南海トラフ巨大地震対策検討ワーキンググループの想定では、太平洋側の9割の地域で停電、断水が発生し、ガスも使用不可になるという試算結果が出ている。静岡県では340万人、愛知県では490万人が断水を強いられる。

「電気系統が完全に復旧するまでは、被災後1週間程度はかかります。上下水道に至っては復旧にそれ以上の時間を要し、地震から1週間が経過しても、上水道は7割、下水道も4割が使用できないと考えられます」(金沢大学教授で自然災害に詳しい宮島昌克氏)

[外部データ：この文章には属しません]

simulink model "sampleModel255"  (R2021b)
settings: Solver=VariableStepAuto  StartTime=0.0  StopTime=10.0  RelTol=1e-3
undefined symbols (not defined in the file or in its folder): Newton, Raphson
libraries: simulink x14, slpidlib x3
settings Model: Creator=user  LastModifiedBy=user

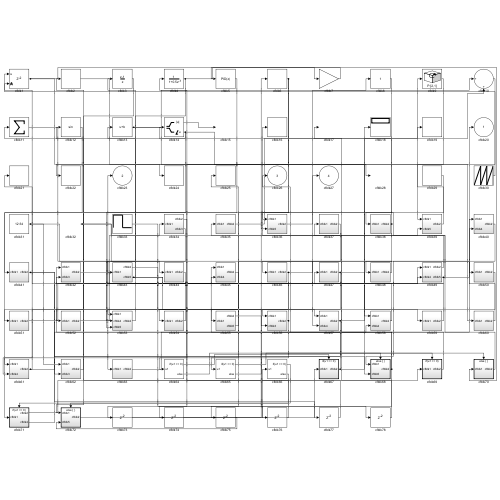
[thumbnail: Simulink's stored preview of the top-level diagram]
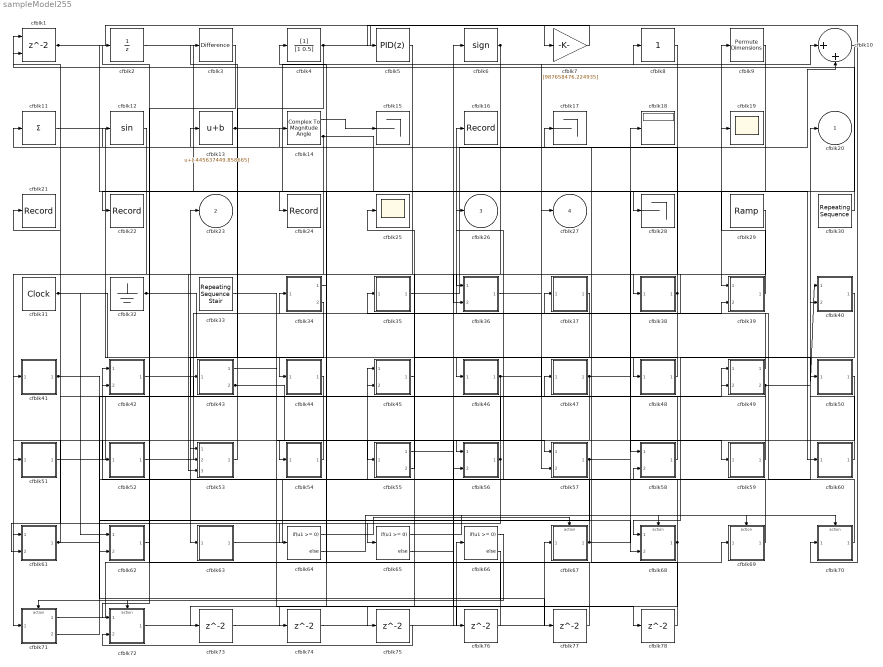
== system sampleModel255 ==
  cfblk1 : Delay  ShowEnablePort=on  SampleTime=1
      settings: InputPortMap=u0,e6
  cfblk10 : Sum  Inputs=|++
  cfblk11 : Sum  Inputs=+
  cfblk12 : Trigonometry
  cfblk13 : Bias  Bias=[-445637449.858665]
  cfblk14 : ComplexToMagnitudeAngle
  cfblk15 : Terminator
  cfblk16 : Record  FileSettingsInternal="{\"entries\":[{\"content\":{\"excelSettings\":{\"content\":{},\"type\":\"Streamout.ExcelSettings\"}},\"type\":\"Streamout.FileSettingStorage\",\"uuid\":\"bcba30e2-a7e8-405a-9570-f6df06466bcb\"}],\"packageUris\":[\"http://schema.mathworks.com/mf0/streamout_blocks/R2020a\"],\"version\":\"1.0\"}"  SignalsInternal="{\"entries\":[{\"content\":{\"signals\":[{\"content\":{\"blockPath\":[\"sampleModel255/cfblk16\"],\"channel\":[],\"dimensions\":[1],\"domain\":\"sampleModel255/cfblk16\",\"lineColor\":\"#a2142f\",\"plots\":[1],\"port\":1,\"sid\":[\"\"],\"signalID\":10495,\"signalName\":\"cfblk49:1\"},\"type\":\"RecordBlkView.Signal\",\"uuid\":\"f066bb72-dd2c-4bd8-bcfc-d20f2ea079be\"}]},\"type\":\"RecordBlkView.InputSignals\",\"uuid\":\"8c248f1a-7e81-44ad-9cf1-3fb42dcd53a2\"}],\"packageUris\":[\"http://schema.mathworks.com/mf0/streamout_blocks/R2020a\"],\"version\":\"1.0\"}"  VisualizationBindings="{\"sparklinesplugin\":{\"info\":[{\"bindingParametersList\":[],\"subplotID\":1}]}}"
  cfblk17 : Terminator
  cfblk18 : Display
  cfblk19 : Scope
  cfblk2 : UnitDelay  HasFrameUpgradeWarning=on
  cfblk21 : Record  FileSettingsInternal="{\"entries\":[{\"content\":{\"excelSettings\":{\"content\":{},\"type\":\"Streamout.ExcelSettings\"}},\"type\":\"Streamout.FileSettingStorage\",\"uuid\":\"b9985514-311d-45c5-af3a-e7c1f733d656\"}],\"packageUris\":[\"http://schema.mathworks.com/mf0/streamout_blocks/R2020a\"],\"version\":\"1.0\"}"  SignalsInternal="{\"entries\":[{\"content\":{\"signals\":[{\"content\":{\"blockPath\":[\"sampleModel255/cfblk21\"],\"channel\":[],\"dimensions\":[1],\"domain\":\"sampleModel255/cfblk21\",\"lineColor\":\"#139fff\",\"plots\":[1],\"port\":1,\"sid\":[\"\"],\"signalID\":10499,\"signalName\":\"cfblk61\"},\"type\":\"RecordBlkView.Signal\",\"uuid\":\"f6652fd2-6723-4bcc-91e8-5e90c24315f7\"}]},\"type\":\"RecordBlkView.InputSignals\",\"uuid\":\"2368f533-53f0-4e7a-ae71-17d9113fb9a7\"}],\"packageUris\":[\"http://schema.mathworks.com/mf0/streamout_blocks/R2020a\"],\"version\":\"1.0\"}"  VisualizationBindings="{\"sparklinesplugin\":{\"info\":[{\"bindingParametersList\":[],\"subplotID\":1}]}}"
  cfblk22 : Record  FileSettingsInternal="{\"entries\":[{\"content\":{\"excelSettings\":{\"content\":{},\"type\":\"Streamout.ExcelSettings\"}},\"type\":\"Streamout.FileSettingStorage\",\"uuid\":\"88f16591-4ce5-46ae-b41e-50627f38fa6a\"}],\"packageUris\":[\"http://schema.mathworks.com/mf0/streamout_blocks/R2020a\"],\"version\":\"1.0\"}"  SignalsInternal="{\"entries\":[{\"content\":{\"signals\":[{\"content\":{\"blockPath\":[\"sampleModel255/cfblk22\"],\"channel\":[],\"dimensions\":[1],\"domain\":\"sampleModel255/cfblk22\",\"lineColor\":\"#ff6929\",\"plots\":[1],\"port\":1,\"sid\":[\"\"],\"signalID\":10503,\"signalName\":\"cfblk6\"},\"type\":\"RecordBlkView.Signal\",\"uuid\":\"f2667ad0-e5eb-4991-95e5-8c16daa194bc\"}]},\"type\":\"RecordBlkView.InputSignals\",\"uuid\":\"a00fef7b-4fdb-41ca-9582-1832ec8d802f\"}],\"packageUris\":[\"http://schema.mathworks.com/mf0/streamout_blocks/R2020a\"],\"version\":\"1.0\"}"  VisualizationBindings="{\"sparklinesplugin\":{\"info\":[{\"bindingParametersList\":[],\"subplotID\":1}]}}"
  cfblk24 : Record  FileSettingsInternal="{\"entries\":[{\"content\":{\"excelSettings\":{\"content\":{},\"type\":\"Streamout.ExcelSettings\"}},\"type\":\"Streamout.FileSettingStorage\",\"uuid\":\"b3a82db9-fc42-4abc-b622-48ca2aee477a\"}],\"packageUris\":[\"http://schema.mathworks.com/mf0/streamout_blocks/R2020a\"],\"version\":\"1.0\"}"  SignalsInternal="{\"entries\":[{\"content\":{\"signals\":[{\"content\":{\"blockPath\":[\"sampleModel255/cfblk24\"],\"channel\":[],\"dimensions\":[1],\"domain\":\"sampleModel255/cfblk24\",\"lineColor\":\"#b746ff\",\"plots\":[1],\"port\":1,\"sid\":[\"\"],\"signalID\":10507,\"signalName\":\"cfblk1\"},\"type\":\"RecordBlkView.Signal\",\"uuid\":\"334ec45f-c396-4067-82da-3699b80d794a\"}]},\"type\":\"RecordBlkView.InputSignals\",\"uuid\":\"c4d4681f-74a4-4c02-baf1-17e94cd38f64\"}],\"packageUris\":[\"http://schema.mathworks.com/mf0/streamout_blocks/R2020a\"],\"version\":\"1.0\"}"  VisualizationBindings="{\"sparklinesplugin\":{\"info\":[{\"bindingParametersList\":[],\"subplotID\":1}]}}"
  cfblk25 : Scope
  cfblk28 : Terminator
  cfblk29 : simulink/Sources/Ramp  slope=[-8268.298690]  start=[21.449295]  InitialOutput=[698761.741317]
  cfblk3 : simulink/Discrete/Difference  ICPrevInput=0.0  OutMin=[]  OutMax=[]  OutDataTypeStr=Inherit: Inherit via back propagation  OutDataType=fixdt(1, 16)  OutScaling=2^-10  DoSatur=off
  cfblk30 : simulink/Sources/Repeating Sequence  rep_seq_t=[0 2]  rep_seq_y=[-542728477.597592, 983773123.631840]
  cfblk31 : DigitalClock
  cfblk32 : Ground
  cfblk33 : simulink/Sources/Repeating Sequence Stair  OutValues=[-766357113.287822, -879833908.730717]  tsamp=-1  OutMin=[]  OutMax=[]  OutDataTypeStr=double  OutputDataTypeScalingMode=double  OutDataType=fixdt(0,8)  ConRadixGroup=Best Precision: Vector-wise  OutScaling=2^-12
  cfblk34 : Subsystem
  cfblk35 : Subsystem
  cfblk36 : Subsystem
  cfblk37 : Subsystem
  cfblk38 : Subsystem
  cfblk39 : Subsystem
  cfblk4 : DiscreteFilter  SampleTime=1
  cfblk40 : Subsystem
  cfblk41 : Subsystem
  cfblk42 : Subsystem
  cfblk43 : Subsystem
  cfblk44 : Subsystem
  cfblk45 : Subsystem
  cfblk46 : Subsystem
  cfblk47 : Subsystem
  cfblk48 : Subsystem
  cfblk49 : Subsystem
  cfblk5 : slpidlib/PID Controller  Controller=PID  Form=Parallel  TimeDomain=Discrete-time  UseExternalTs=off  SampleTime=1  IntegratorMethod=Forward Euler  FilterMethod=Forward Euler  ControllerParametersSource=internal  P=1  I=1  D=0  UseFilter=on  N=100  TunerSelectOption=Transfer Function Based (PID Tuner App)  InitialConditionSource=internal  InitialConditionForIntegrator=0  InitialConditionForFilter=0  DifferentiatorICPrevScaledInput=0  ExternalReset=none  TrackingMode=off  Kt=1  LimitOutput=off  SatLimitsSource=internal  UpperSaturationLimit=inf  LowerSaturationLimit=-inf  LinearizeAsGain=off  AntiWindupMode=none  Kb=1  POutMin=[]  POutMax=[]  IOutMin=[]  IOutMax=[]  DOutMin=[]  DOutMax=[]  NOutMin=[]  NOutMax=[]  SumOutMin=[]  SumOutMax=[]  SaturationOutMin=[]  SaturationOutMax=[]  PParamMin=[]  PParamMax=[]  IParamMin=[]  IParamMax=[]  DParamMin=[]  DParamMax=[]  NParamMin=[]  NParamMax=[]  KbParamMin=[]  KbParamMax=[]  KtParamMin=[]  KtParamMax=[]  KbOutMin=[]  KbOutMax=[]  KtOutMin=[]  KtOutMax=[]  IntegratorOutMin=[]  IntegratorOutMax=[]  FilterOutMin=[]  FilterOutMax=[]  SumI1OutMin=[]  SumI1OutMax=[]  SumI2OutMin=[]  SumI2OutMax=[]  SumI3OutMin=[]  SumI3OutMax=[]  SumI4OutMin=[]  SumI4OutMax=[]  SumDOutMin=[]  SumDOutMax=[]  DifferentiatorOutMin=[]  DifferentiatorOutMax=[]  FilterDiffOutCoefMin=[]  FilterDiffOutCoefMax=[]  ReciprocalOutMin=[]  ReciprocalOutMax=[]  SumDenOutMin=[]  SumDenOutMax=[]  SumNumOutMin=[]  SumNumOutMax=[]  DivideOutMin=[]  DivideOutMax=[]  UdiffTsProdOutMin=[]  UdiffTsProdOutMax=[]  NTsProdOutMin=[]  NTsProdOutMax=[]  UintegralTsProdOutMin=[]  UintegralTsProdOutMax=[]  UngainTsProdOutMin=[]  UngainTsProdOutMax=[]  IntegratorContinuousStateAttributes=''  IntegratorStateMustResolveToSignalObject=off  IntegratorRTWStateStorageClass=Auto  FilterContinuousStateAttributes=''  FilterStateMustResolveToSignalObject=off  FilterRTWStateStorageClass=Auto  ParallelPVariant=InternalParameters  IdealPVariant=Disabled  IVariant=InternalParameters  DVariant=InternalParameters  IntegratorVariant=Discrete  SatVariant=Disabled  AWVariant=Passthrough  PCopyVariant=Disabled  TRVariant=Disabled  FdbkBlocksVariant=Forward  IdealPFdbkVariant=Disabled  SatFdbkVariant=Disabled  DerivativeFilterVariant=ForwardEulerFilter  NVariant=InternalParameters  NCopyVariant=Disabled  FilterICVariant=InternalICsFilter  IntegratorICVariant=InternalICs  ExternalResetVariant=Disabled  TRSumVariant=Passthrough  SumFdbkVariant=Disabled  SumVariant=Sum_PID  TsampFilterVariant=InternalTs  TsampNgainVariant=Passthrough  TsampIntegralVariant=Passthrough  ExternalSaturationOutDataTypeStr=Inherit: Same as second input
  cfblk50 : Subsystem
  cfblk51 : Subsystem
  cfblk52 : Subsystem
  cfblk53 : Subsystem
  cfblk54 : Subsystem
  cfblk55 : Subsystem
  cfblk56 : Subsystem
  cfblk57 : Subsystem
  cfblk58 : Subsystem
  cfblk59 : Subsystem
  cfblk6 : Signum
  cfblk60 : Subsystem
  cfblk61 : Subsystem
  cfblk62 : Subsystem
  cfblk63 : Subsystem
  cfblk64 : If  IfExpression=u1 >= 0  SampleTime=1
  cfblk65 : If  IfExpression=u1 >= 0  SampleTime=1
  cfblk66 : If  IfExpression=u1 >= 0  SampleTime=1
  cfblk67 : Subsystem  TreatAsAtomicUnit=on
  cfblk68 : Subsystem  TreatAsAtomicUnit=on
  cfblk69 : Subsystem  TreatAsAtomicUnit=on
  cfblk7 : Gain  Gain=[987658476.224935]
  cfblk70 : Subsystem  TreatAsAtomicUnit=on
  cfblk71 : Subsystem  TreatAsAtomicUnit=on
  cfblk72 : Subsystem  TreatAsAtomicUnit=on
  cfblk{73..78} (6 alike) : Delay  SampleTime=1
  cfblk8 : simulink/Math Operations/Slider Gain  gain=1  low=0  high=2
  cfblk9 : PermuteDimensions
  cfblk20 : Outport
  cfblk23 : Outport  Port=2
  cfblk26 : Outport  Port=3
  cfblk27 : Outport  Port=4
  wires:
  cfblk67/1(cfblk2) -> cfblk45/1(cfblk1), cfblk19/1
  cfblk31/1 -> cfblk62/1(cfblk1), cfblk44/1(cfblk1)
  cfblk5/1 -> cfblk71/1(cfblk1)
  cfblk38/1(cfblk2) -> cfblk48/1(cfblk1), cfblk14/1
  cfblk71/1(cfblk2) -> cfblk69/1(cfblk1)
  cfblk52/1(cfblk2) -> cfblk34/1(cfblk1)
  cfblk69/1(cfblk2) -> cfblk42/1(cfblk1)
  cfblk59/1(cfblk2) -> cfblk23/1
  cfblk10/1 -> cfblk39/1(cfblk1)
  cfblk46/1(cfblk2) -> cfblk51/1(cfblk1), cfblk50/1(cfblk1)
  cfblk44/1(cfblk2) -> cfblk54/1(cfblk1)
  cfblk70/1(cfblk2) -> cfblk38/1(cfblk1)
  cfblk2/1 -> cfblk58/1(cfblk1)
  cfblk11/1 -> cfblk63/1(cfblk1)
  cfblk61/1(cfblk2) -> cfblk21/1, cfblk58/2(cfblk4)
  cfblk33/1 -> cfblk57/1(cfblk1)
  cfblk6/1 -> cfblk22/1, cfblk36/1(cfblk1), cfblk36/2(cfblk5)
  cfblk4/1 -> cfblk70/1(cfblk1), cfblk43/1(cfblk1)
  cfblk32/1 -> cfblk39/2(cfblk5), cfblk57/2(cfblk4)
  cfblk41/1(cfblk2) -> cfblk68/2(cfblk5), cfblk77/1
  cfblk68/1(cfblk2) -> cfblk17/1, cfblk26/1, cfblk73/1
  cfblk1/1 -> cfblk7/1, cfblk24/1
  cfblk14/1 -> cfblk15/1
  cfblk57/1(cfblk2) -> cfblk18/1, cfblk62/2(cfblk3)
  cfblk14/2 -> cfblk11/1, cfblk60/1(cfblk1), cfblk53/3(cfblk5)
  cfblk51/1(cfblk2) -> cfblk27/1
  cfblk50/1(cfblk2) -> cfblk56/1(cfblk1)
  cfblk60/1(cfblk2) -> cfblk20/1
  cfblk49/1(cfblk2) -> cfblk16/1
  cfblk40/1(cfblk2) -> cfblk68/1(cfblk1)
  cfblk49/2(cfblk5) -> cfblk40/1(cfblk1), cfblk47/1(cfblk1), cfblk35/1(cfblk1)
  cfblk30/1 -> cfblk1/1
  cfblk53/1(cfblk2) -> cfblk13/1
  cfblk13/1 -> cfblk10/1, cfblk28/1
  cfblk3/1 -> cfblk72/1(cfblk1)
  cfblk72/1(cfblk2) -> cfblk6/1
  cfblk47/1(cfblk2) -> cfblk61/1(cfblk1), cfblk59/1(cfblk1)
  cfblk37/1(cfblk2) -> cfblk55/1(cfblk1)
  cfblk71/2(cfblk4) -> cfblk45/2(cfblk4)
  cfblk36/1(cfblk2) -> cfblk8/1
  cfblk7/1 -> cfblk5/1
  cfblk58/1(cfblk2) -> cfblk25/1
  cfblk55/2(cfblk5) -> cfblk42/2(cfblk3)
  cfblk48/1(cfblk2) -> cfblk46/1(cfblk1)
  cfblk62/1(cfblk2) -> cfblk2/1
  cfblk56/1(cfblk2) -> cfblk1/2, cfblk64/1
  cfblk43/2(cfblk5) -> cfblk49/1(cfblk1), cfblk56/2(cfblk3), cfblk3/1
  cfblk29/1 -> cfblk65/1
  cfblk39/1(cfblk2) -> cfblk9/1
  cfblk54/1(cfblk2) -> cfblk53/1(cfblk1)
  cfblk42/1(cfblk2) -> cfblk49/2(cfblk4)
  cfblk34/1(cfblk2) -> cfblk61/2(cfblk4)
  cfblk12/1 -> cfblk41/1(cfblk1)
  cfblk63/1(cfblk2) -> cfblk40/2(cfblk4)
  cfblk35/1(cfblk2) -> cfblk10/2
  cfblk8/1 -> cfblk52/1(cfblk1)
  cfblk34/2(cfblk3) -> cfblk53/2(cfblk4)
  cfblk64/1 -> cfblk67/Action
  cfblk64/2 -> cfblk68/Action
  cfblk65/1 -> cfblk69/Action
  cfblk65/2 -> cfblk70/Action
  cfblk66/1 -> cfblk71/Action
  cfblk66/2 -> cfblk72/Action
  cfblk73/1 -> cfblk66/1
  cfblk9/1 -> cfblk74/1
  cfblk74/1 -> cfblk67/1(cfblk1)
  cfblk45/1(cfblk2) -> cfblk75/1
  cfblk75/1 -> cfblk72/2(cfblk5)
  cfblk43/1(cfblk2) -> cfblk76/1
  cfblk76/1 -> cfblk4/1
  cfblk77/1 -> cfblk12/1
  cfblk55/1(cfblk2) -> cfblk78/1
  cfblk78/1 -> cfblk37/1(cfblk1)

== system sampleModel255/cfblk34 ==
  cfblk1 : Inport
  cfblk2 : Outport
  cfblk3 : Outport  Port=2
  wires:
  cfblk1/1 -> cfblk2/1, cfblk3/1

== system sampleModel255/cfblk35 ==
  cfblk1 : Inport
  cfblk3 : Sqrt  Operator=rSqrt  AlgorithmType=Newton-Raphson  SaturateOnIntegerOverflow=on
  cfblk2 : Outport
  wires:
  cfblk3/1 -> cfblk2/1
  cfblk1/1 -> cfblk3/1

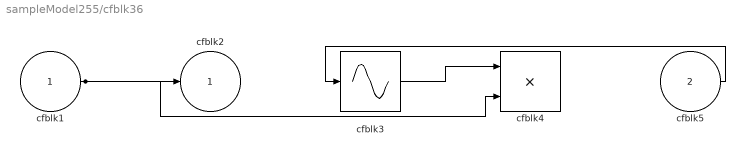
== system sampleModel255/cfblk36 ==
  cfblk1 : Inport
  cfblk5 : Inport  Port=2
  cfblk3 : Sin  TimeSource=Use external signal  SampleTime=0
  cfblk4 : Product  Inputs=**
  cfblk2 : Outport
  wires:
  cfblk1/1 -> cfblk2/1, cfblk4/2
  cfblk3/1 -> cfblk4/1
  cfblk5/1 -> cfblk3/1

== system sampleModel255/cfblk37 ==
  cfblk1 : Inport
  cfblk3 : UnaryMinus
  cfblk4 : Signum
  cfblk2 : Outport
  wires:
  cfblk1/1 -> cfblk3/1
  cfblk3/1 -> cfblk4/1
  cfblk4/1 -> cfblk2/1

== system sampleModel255/cfblk38 ==
  cfblk1 : Inport
  cfblk3 : simulink/Discrete/Transfer Fcn First Order  PoleZ=0.95  ICPrevOutput=0.0  DoSatur=off
  cfblk4 : UnitDelay  HasFrameUpgradeWarning=on
  cfblk2 : Outport
  wires:
  cfblk1/1 -> cfblk3/1
  cfblk4/1 -> cfblk2/1
  cfblk3/1 -> cfblk4/1

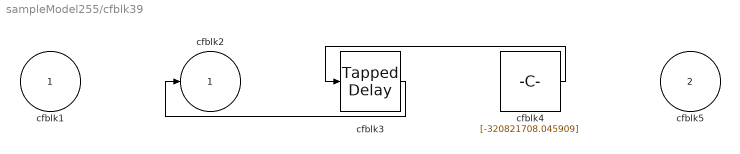
== system sampleModel255/cfblk39 ==
  cfblk1 : Inport
  cfblk5 : Inport  Port=2
  cfblk3 : simulink/Discrete/Tapped Delay  vinit=0.0  samptime=-1  NumDelays=1  DelayOrder=Oldest  includeCurrent=off
  cfblk4 : Constant  Value=[-320821708.045909]  SampleTime=1
  cfblk2 : Outport
  wires:
  cfblk4/1 -> cfblk3/1
  cfblk3/1 -> cfblk2/1

== system sampleModel255/cfblk40 ==
  cfblk1 : Inport
  cfblk4 : Inport  Port=2
  cfblk3 : Constant  Value=[605996582.946135]  SampleTime=1
  cfblk2 : Outport
  wires:
  cfblk4/1 -> cfblk2/1

== system sampleModel255/cfblk41 ==
  cfblk1 : Inport
  cfblk3 : Abs
  cfblk4 : Gain  Gain=[-424041668.466470]
  cfblk2 : Outport
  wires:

上下水道は地下に管を通しているため、被害が広範囲になればなるほど、復旧には人員と時間が必要になる。

 

巨大な地震で避難場所が崩壊したり、交通インフラの壊滅で移動ができなかったりすれば、全国で3000万人を超える人々が1週間以上、ライフラインを欠いた状態で、救助を待ちながら生き延びなければならない。

仮に老人ホームでライフラインが復旧しなければ、食べ物もなく、トイレも流せずに、体力のない高齢者たちは徐々に弱っていく。彼ら全員が1週間以上もの間、確実に生き延びることができるとは考えにくい。

一人が体調を崩せば、連鎖的に数十人もの高齢者が重篤な状態に置かれてしまうことすら考えられる。